Jenna spat blood out of her mouth. ‘Stop it! Stop it you fucking monster, stop it!’
‘It’s ok,’ the man looked over his shoulder at Jenna, ‘I’m just taking care of his soul.’ He turned back and placed the flower into the child’s mouth. He then rested his hand on the child’s neck, monitoring the pulse.
‘You’re crazy! What are you doing you fucking psycho?’ Jenna tugged at her chain constraint and frantically scanned the bare room for something to free herself. The man stayed silent and kept his back to her, his hand still gently resting on the child’s neck.
Jenna stopped fighting with the chain. Her breathing was rapid and laboured. She spat out more blood that was pooling in her mouth. She suddenly remembered her phone was still in her pocket. Hope only lasted three seconds. There was still no signal. She let the phone slide out of her hand next to her on the floor. She reached into her other pocket. Her hand closed around her metal nail file, she dared to hope again.
The man sighed and bowed his head. ‘He has gone, I have his soul.’
‘What the fuck are you talking about?’ Jenna’s anguish and horror had turned to anger.
The man opened the dead boy’s mouth and retrieved the flower. ‘When they die I capture their souls in the flowers.’ He smiled at Jenna as if they were having a perfectly rational conversation. ‘I press the flowers and keep them in my book, the little children can stay pure and innocent forever then.’
‘There’s going to be a special place in hell for you.’ Jenna gritted her teeth and pulled herself upright, sliding the nail file out of her pocket. It was concealed in her hand, she was gripping it so tight it had started to cut into her hand.
The man stood up and frowned. ‘You nearly ruined my book. I have to kill you. I’ve never killed anyone before, you’ll be my first. I have to do it. I will kill you when I’ve pressed this soul.’ He held up the iris.
‘Never killed anyone before? What the fuck do you think you’ve just done?’
The man looked at Jenna and smiled again. ‘I didn’t kill him, you saw, he just died by himself.’
Jenna couldn’t comprehend the monstrosity in front of her. ‘How many ‘souls’ have you pressed?’
‘This is number twelve.’ He smiled proudly and started to walk towards the open door.
Jenna focused on not being sick, the urge to vomit was rising. She had to stop him leaving, she couldn’t let him abduct anyone else. She had to make him come close to her.
‘I’m going to burn your flower book.’
He stopped and turned to her, no longer smiling.
‘Yes, that’s right,’ continued Jenna, ‘I’m going to burn your flower book and set those souls free.’
The man placed the iris gently on the floor, balled his fists and strode towards her. Jenna backed up to the wall and crouched up on her feet. As the man swung his fist to her face she ducked and sprang to the side. The chain attached to her and the floor caught him just below his knees. It was enough to send him off balance and he crashed to the floor, landing on his back. Jenna quickly scrambled to him, taking advantage of his winded hesitation. She plunged the nail file into his neck with a force she didn’t know she possessed.
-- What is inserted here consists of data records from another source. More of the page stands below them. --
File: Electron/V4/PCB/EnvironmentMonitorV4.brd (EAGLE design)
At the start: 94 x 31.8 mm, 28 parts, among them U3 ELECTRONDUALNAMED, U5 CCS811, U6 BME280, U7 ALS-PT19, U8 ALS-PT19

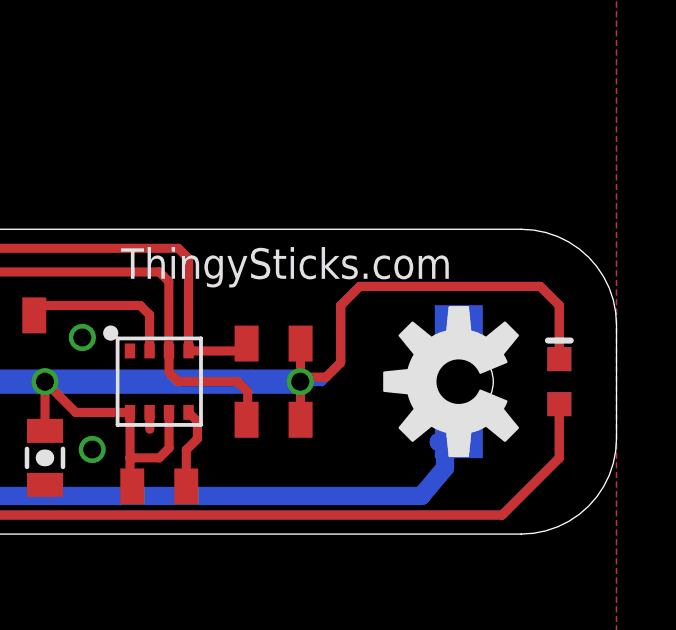
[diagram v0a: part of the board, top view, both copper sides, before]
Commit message: Minor routing updates to give more space. Ran IDF export (hence extra 113 layer)
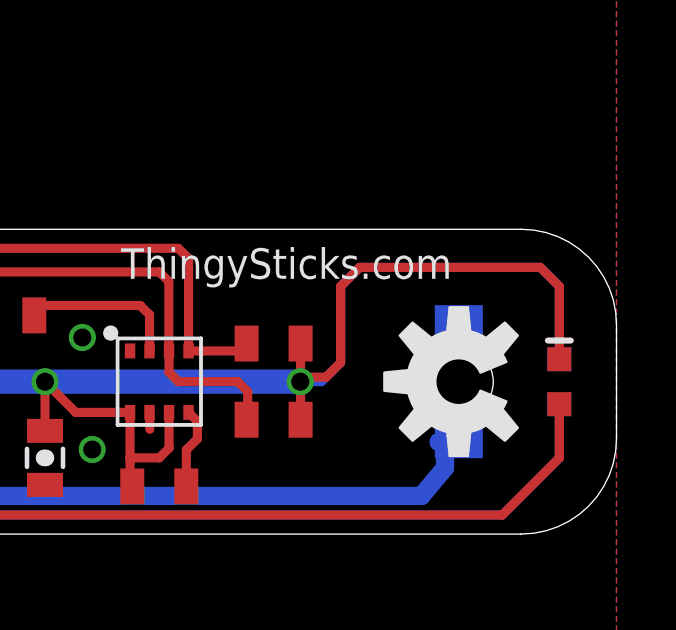
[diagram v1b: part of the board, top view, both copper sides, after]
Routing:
- net 3.3V: track 157.6 -> 160.1 mm
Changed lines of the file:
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@@
 <setting verticaltext="up"/>
 </settings>
-<grid distance="0.025" unitdist="inch" unit="inch" style="lines" multiple="1" display="yes" altdistance="0.006" altunitdist="inch" altunit="inch"/>
+<grid distance="0.1" unitdist="mm" unit="mm" style="lines" multiple="1" display="yes" altdistance="0.006" altunitdist="inch" altunit="inch"/>
 <layers>
 <layer number="1" name="Top" color="4" fill="1" visible="yes" active="yes"/>
@@
 <layer number="23" name="tOrigins" color="15" fill="1" visible="yes" active="yes"/>
 <layer number="24" name="bOrigins" color="15" fill="1" visible="yes" active="yes"/>
-<layer number="25" name="tNames" color="7" fill="1" visible="no" active="yes"/>
+<layer number="25" name="tNames" color="7" fill="1" visible="yes" active="yes"/>
 <layer number="26" name="bNames" color="7" fill="1" visible="yes" active="yes"/>
-<layer number="27" name="tValues" color="7" fill="1" visible="no" active="yes"/>
-<layer number="28" name="bValues" color="7" fill="1" visible="no" active="yes"/>
+<layer number="27" name="tValues" color="7" fill="1" visible="yes" active="yes"/>
+<layer number="28" name="bValues" color="7" fill="1" visible="yes" active="yes"/>
 <layer number="29" name="tStop" color="7" fill="3" visible="yes" active="yes"/>
 <layer number="30" name="bStop" color="7" fill="6" visible="yes" active="yes"/>
@@
 <layer number="111" name="LPC17xx" color="7" fill="1" visible="yes" active="yes"/>
 <layer number="112" name="tSilk" color="7" fill="1" visible="yes" active="yes"/>
-<layer number="113" name="IDFDebug" color="4" fill="1" visible="yes" active="yes"/>
+<layer number="113" name="IDFDebug" color="4" fill="1" visible="no" active="yes"/>
 <layer number="114" name="Badge_Outline" color="7" fill="1" visible="yes" active="yes"/>
 <layer number="115" name="ReferenceISLANDS" color="7" fill="1" visible="yes" active="yes"/>
@@
 <text x="77.47" y="19.304" size="1.016" layer="25" font="vector">ThingySticks.com</text>
 <text x="87.0966" y="19.1262" size="1.27" layer="26" font="vector" rot="MR0">ThingySticks.com</text>
+<circle x="-8.8" y="2.475" radius="1.999996875" width="0.4064" layer="113"/>
+<wire x1="-0.4" y1="3.075" x2="0" y2="28.575025" width="0.254" layer="113"/>
+<wire x1="0" y1="28.575025" x2="0.20116875" y2="29.468115625" width="0.254" layer="113"/>
+<wire x1="0.20116875" y1="29.468115625" x2="0.62664375" y2="30.27873125" width="0.254" layer="113"/>
+<wire x1="0.62664375" y1="30.27873125" x2="1.24744375" y2="30.951603125" width="0.254" layer="113"/>
+<wire x1="1.24744375" y1="30.951603125" x2="2.02120625" y2="31.44085625" width="0.254" layer="113"/>
+<wire x1="2.02120625" y1="31.44085625" x2="2.89526875" y2="31.713196875" width="0.254" layer="113"/>
+<wire x1="2.89526875" y1="31.713196875" x2="3.81" y2="31.750025" width="0.254" layer="113"/>
+<wire x1="3.81" y1="31.750025" x2="52.070025" y2="31.750025" width="0.254" layer="113"/>
+<wire x1="52.070025" y1="31.750025" x2="52.798778125" y2="31.570471875" width="0.254" layer="113"/>
+<wire x1="52.798778125" y1="31.570471875" x2="53.45623125" y2="31.208421875" width="0.254" layer="113"/>
+<wire x1="53.45623125" y1="31.208421875" x2="53.99758125" y2="30.688559375" width="0.254" layer="113"/>
+<wire x1="53.99758125" y1="30.688559375" x2="54.385946875" y2="30.04629375" width="0.254" layer="113"/>
+<wire x1="54.385946875" y1="30.04629375" x2="54.5948375" y2="29.32541875" width="0.254" layer="113"/>
+<wire x1="54.5948375" y1="29.32541875" x2="54.610025" y2="28.575025" width="0.254" layer="113"/>
+<wire x1="54.610025" y1="28.575025" x2="54.610025" y2="23.495" width="0.254" layer="113"/>
+<wire x1="54.610025" y1="23.495" x2="54.6965875" y2="22.837621875" width="0.254" layer="113"/>
+<wire x1="54.6965875" y1="22.837621875" x2="54.950334375" y2="22.225" width="0.254" layer="113"/>
+<wire x1="54.950334375" y1="22.225" x2="55.353990625" y2="21.698965625" width="0.254" layer="113"/>
+<wire x1="55.353990625" y1="21.698965625" x2="55.880025" y2="21.295309375" width="0.254" layer="113"/>
+<wire x1="55.880025" y1="21.295309375" x2="56.492621875" y2="21.0415625" width="0.254" layer="113"/>
+<wire x1="56.492621875" y1="21.0415625" x2="57.150025" y2="20.955" width="0.254" layer="113"/>
+<wire x1="57.150025" y1="20.955" x2="90.80505" y2="20.955" width="0.254" layer="113"/>
+<wire x1="90.80505" y1="20.955" x2="91.626790625" y2="20.846821875" width="0.254" layer="113"/>
+<wire x1="91.626790625" y1="20.846821875" x2="92.39255" y2="20.529653125" width="0.254" layer="113"/>
+<wire x1="92.39255" y1="20.529653125" x2="93.05010625" y2="20.02508125" width="0.254" layer="113"/>
+<wire x1="93.05010625" y1="20.02508125" x2="93.554678125" y2="19.3675" width="0.254" layer="113"/>
+<wire x1="93.554678125" y1="19.3675" x2="93.871871875" y2="18.601765625" width="0.254" layer="113"/>
+<wire x1="93.871871875" y1="18.601765625" x2="93.98005" y2="17.78" width="0.254" layer="113"/>
+<wire x1="93.98005" y1="17.78" x2="93.98005" y2="13.97" width="0.254" layer="113"/>
+<wire x1="93.98005" y1="13.97" x2="93.871871875" y2="13.148259375" width="0.254" layer="113"/>
+<wire x1="93.871871875" y1="13.148259375" x2="93.554678125" y2="12.3825" width="0.254" layer="113"/>
+<wire x1="93.554678125" y1="12.3825" x2="93.05010625" y2="11.72494375" width="0.254" layer="113"/>
+<wire x1="93.05010625" y1="11.72494375" x2="92.39255" y2="11.220375" width="0.254" layer="113"/>
+<wire x1="92.39255" y1="11.220375" x2="91.626790625" y2="10.903178125" width="0.254" layer="113"/>
+<wire x1="91.626790625" y1="10.903178125" x2="90.80505" y2="10.795" width="0.254" layer="113"/>
+<wire x1="90.80505" y1="10.795" x2="57.150025" y2="10.795" width="0.254" layer="113"/>
+<wire x1="57.150025" y1="10.795" x2="56.492621875" y2="10.7084625" width="0.254" layer="113"/>
+<wire x1="56.492621875" y1="10.7084625" x2="55.880025" y2="10.454715625" width="0.254" layer="113"/>
+<wire x1="55.880025" y1="10.454715625" x2="55.353990625" y2="10.051059375" width="0.254" layer="113"/>
+<wire x1="55.353990625" y1="10.051059375" x2="54.950334375" y2="9.525" width="0.254" layer="113"/>
+<wire x1="54.950334375" y1="9.525" x2="54.6965875" y2="8.912403125" width="0.254" layer="113"/>
+<wire x1="54.6965875" y1="8.912403125" x2="54.610025" y2="8.255" width="0.254" layer="113"/>
+<wire x1="54.610025" y1="8.255" x2="54.610025" y2="3.175" width="0.254" layer="113"/>
+<wire x1="54.610025" y1="3.175" x2="54.5948375" y2="2.42460625" width="0.254" layer="113"/>
+<wire x1="54.5948375" y1="2.42460625" x2="54.385946875" y2="1.70370625" width="0.254" layer="113"/>
+<wire x1="54.385946875" y1="1.70370625" x2="53.99758125" y2="1.061440625" width="0.254" layer="113"/>
+<wire x1="53.99758125" y1="1.061440625" x2="53.45623125" y2="0.541578125" width="0.254" layer="113"/>
+<wire x1="53.45623125" y1="0.541578125" x2="52.798778125" y2="0.179553125" width="0.254" layer="113"/>
+<wire x1="52.798778125" y1="0.179553125" x2="52.070025" y2="0" width="0.254" layer="113"/>
+<wire x1="52.070025" y1="0" x2="3.81" y2="0" width="0.254" layer="113"/>
+<wire x1="3.81" y1="0" x2="2.89526875" y2="0.03683125" width="0.254" layer="113"/>
+<wire x1="2.89526875" y1="0.03683125" x2="2.02120625" y2="0.30914375" width="0.254" layer="113"/>
+<wire x1="2.02120625" y1="0.30914375" x2="1.24744375" y2="0.798425" width="0.254" layer="113"/>
+<wire x1="1.24744375" y1="0.798425" x2="0.62664375" y2="1.47129375" width="0.254" layer="113"/>
+<wire x1="0.62664375" y1="1.47129375" x2="0.30116875" y2="2.181884375" width="0.254" layer="113"/>
+<wire x1="0.30116875" y1="2.181884375" x2="-0.4" y2="3.075" width="0.254" layer="113"/>
 </plain>
 <attributes>
@@
 <wire x1="79.065" y1="13.66" x2="78.74" y2="13.335" width="0.3048" layer="1"/>
 <wire x1="78.74" y1="13.335" x2="77.765" y2="13.335" width="0.3048" layer="1"/>
-<wire x1="92.075" y1="18.415" x2="91.44" y2="19.05" width="0.3048" layer="16"/>
-<wire x1="91.44" y1="19.05" x2="85.4202" y2="19.05" width="0.3048" layer="16"/>
-<wire x1="85.4202" y1="19.05" x2="84.7852" y2="18.415" width="0.3048" layer="16"/>
-<wire x1="84.7852" y1="18.415" x2="84.7852" y2="16.51" width="0.3048" layer="16"/>
+<wire x1="92.075" y1="19.05" x2="91.44" y2="19.685" width="0.3048" layer="16"/>
+<wire x1="91.44" y1="19.685" x2="85.4202" y2="19.685" width="0.3048" layer="16"/>
+<wire x1="85.4202" y1="19.685" x2="84.7852" y2="19.05" width="0.3048" layer="16"/>
+<wire x1="84.7852" y1="19.05" x2="84.7852" y2="16.51" width="0.3048" layer="16"/>
 <wire x1="84.7852" y1="16.51" x2="84.1502" y2="15.875" width="0.3048" layer="16"/>
 <wire x1="84.1502" y1="15.875" x2="83.439" y2="15.875" width="0.3048" layer="16"/>
-<wire x1="92.075" y1="16.625" x2="92.075" y2="18.415" width="0.3048" layer="16"/>
+<wire x1="92.075" y1="16.625" x2="92.075" y2="19.05" width="0.3048" layer="16"/>
 <wire x1="60.96" y1="14.605" x2="60.9346" y2="14.605" width="0.3048" layer="1"/>
 <wire x1="60.9346" y1="14.605" x2="60.8076" y2="14.478" width="0.3048" layer="1"/>
 <wire x1="3.81" y1="24.765" x2="3.81" y2="27.305" width="0.8128" layer="1"/>
-<wire x1="92.075" y1="16.625" x2="92.075" y2="18.415" width="0.3048" layer="1"/>
-<wire x1="92.075" y1="18.415" x2="91.44" y2="19.05" width="0.3048" layer="1"/>
-<wire x1="91.44" y1="19.05" x2="85.4202" y2="19.05" width="0.3048" layer="1"/>
-<wire x1="85.4202" y1="19.05" x2="84.7852" y2="18.415" width="0.3048" layer="1"/>
-<wire x1="84.7852" y1="18.415" x2="84.7852" y2="16.51" width="0.3048" layer="1"/>
+<wire x1="92.075" y1="16.625" x2="92.075" y2="19.05" width="0.3048" layer="1"/>
+<wire x1="92.075" y1="19.05" x2="91.44" y2="19.685" width="0.3048" layer="1"/>
+<wire x1="91.44" y1="19.685" x2="85.4202" y2="19.685" width="0.3048" layer="1"/>
+<wire x1="85.4202" y1="19.685" x2="84.7852" y2="19.05" width="0.3048" layer="1"/>
+<wire x1="84.7852" y1="19.05" x2="84.7852" y2="16.51" width="0.3048" layer="1"/>
 <wire x1="84.7852" y1="16.51" x2="84.3026" y2="16.0274" width="0.3048" layer="1"/>
 <wire x1="84.3026" y1="16.0274" x2="83.5914" y2="16.0274" width="0.3048" layer="1"/>

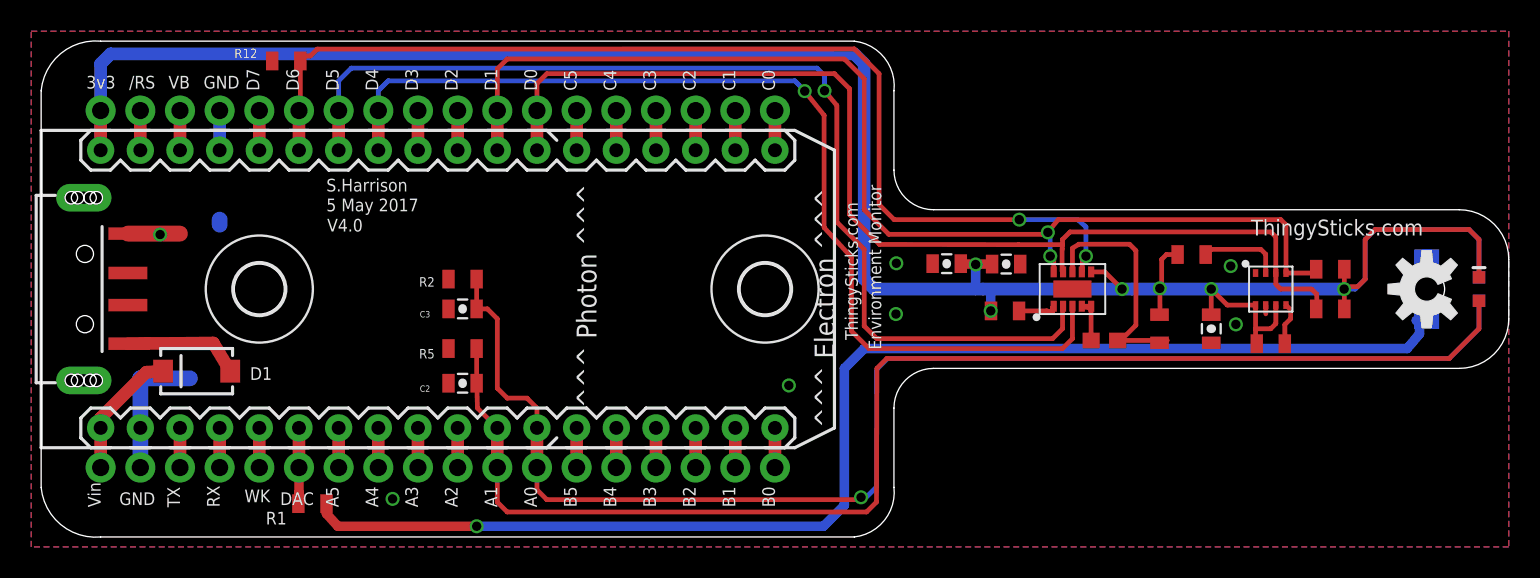
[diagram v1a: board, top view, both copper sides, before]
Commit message: Update V4.0 PCB to use TEMT6000 rather than the diode which requires amplification, and removed rear sensor.
Ordered from DirtyPCBs.
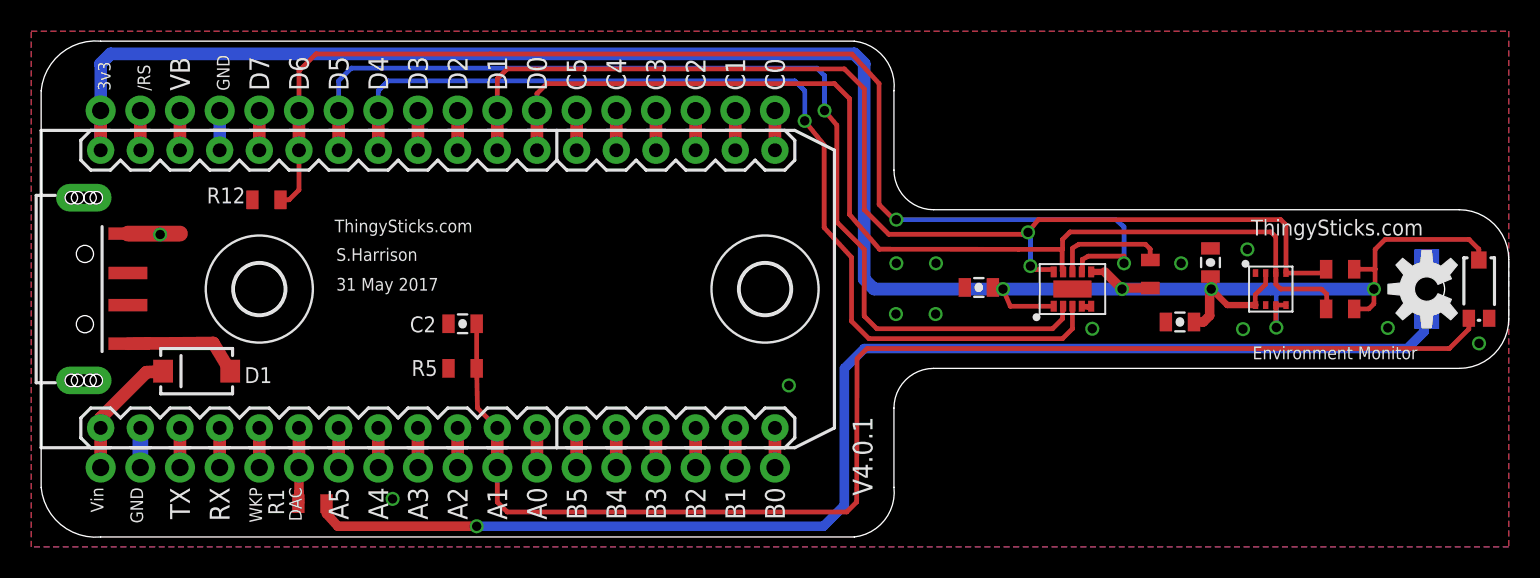
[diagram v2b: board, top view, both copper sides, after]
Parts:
- removed C3: 1.0uF, SparkFun-Capacitors:0805-CAP
- removed R10: 10k, CCS811_Breakout_Temp:0603
- removed R2: (no value), SparkFun-Resistors:0805
- removed R6, R9: 100k, SparkFun-Resistors:0805
- removed R8: 4k7, SparkFun-Resistors:0805
- removed U7, U8: ALS-PT19, SparkFun-Sensors:ALS-PT19
- added U1: LIGHTSENSORTEMT6000, SparkFun-Sensors:TEMT6000-SEN
- C1: value 1.0uF -> 0.1uF
- C2: value 1.0uF -> DNP
- R1: value (none) -> 1k5
- R3, R4: value (none) -> 4k7
- R5: value (none) -> 10k
- moved C4 13.1 mm to (74.9, 17.6), turned to 270 degrees
- moved R12 8.98 mm to (14.4, 21.6)
- moved C2 3.81 mm to (27.0, 13.7)
- moved R11 3.55 mm to (71.0, 16.8), turned to 90 degrees
- moved C1 2.56 mm to (60.0, 16.0)
- moved C5 2.05 mm to (72.9, 13.8), turned to 0 degrees
- moved R5 1.27 mm to (27.0, 10.8)
- moved R3 0.64 mm to (83.2, 14.6)
- moved R4 0.64 mm to (83.2, 17.1)
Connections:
- removed net BME280_CS: R8.2, U6.2
- removed net N$3: R6.2, U6.5
- removed net N$9: R9.2, U5.1
- net 3.3V: now also U1.COLLECTOR, U5.1, U6.2, U6.5; no longer R6.1, R8.1, R9.1, U7.C, U8.C
- net AUX: no longer R10.2
- net GND: no longer C3.1, R2.1
- net LIGHTLEVEL_FRONT: now also U1.EMITTER; no longer U7.E
- net LIGHTLEVEL_REAR: no longer C3.2, R2.2, U8.E
- net NTC_SENSE: no longer R10.1
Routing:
- net LIGHTLEVEL_REAR: track 88.2 -> 3.17 mm, vias 1 -> 0
- net 3.3V: track 160.1 -> 141.3 mm, vias 6 -> 5
- net WAKE: track 69.0 -> 78.0 mm
- net AUX: track 15.8 -> 7.40 mm
- net GND: track 15.7 -> 8.43 mm, vias 7 -> 13
- net BME280_CS: track 5.31 -> 0.00 mm
- net N$3: track 2.74 -> 0.00 mm
- net N$9: track 2.56 -> 0.00 mm
- net NTC_SENSE: track 3.26 -> 1.21 mm
- net RESET: track 67.9 -> 66.6 mm
- net INT: track 65.1 -> 63.8 mm
- net SCL: track 74.0 -> 74.6 mm
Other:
- board text added: "31 May 2017"
- board text added: "Github.com/ThingySticks/EnvironmentMonitor"
- board text added: "V4.0.1"
- board text removed: "5 May 2017"
- board text removed: "V4.0"
- board text removed: "^^^ Electron ^^^"
- board text removed: "^^^ Photon ^^^"

Blood spewed out and she stabbed again and again, raging for the twelve children that had a long and agonising death here. The man held his throat, gargling his blood.
Jenna leaned over him. ‘No one is going to save your soul you sick bastard.’ She stabbed the nail file into his right eye. He stopped writhing, his left eye stared motionless at the ceiling. The blood from his neck flowed to the open door, carrying the iris with it.
Jenna rolled off of him exhausted. The adrenalin surge in her had powered down. She led back on the concrete and wept.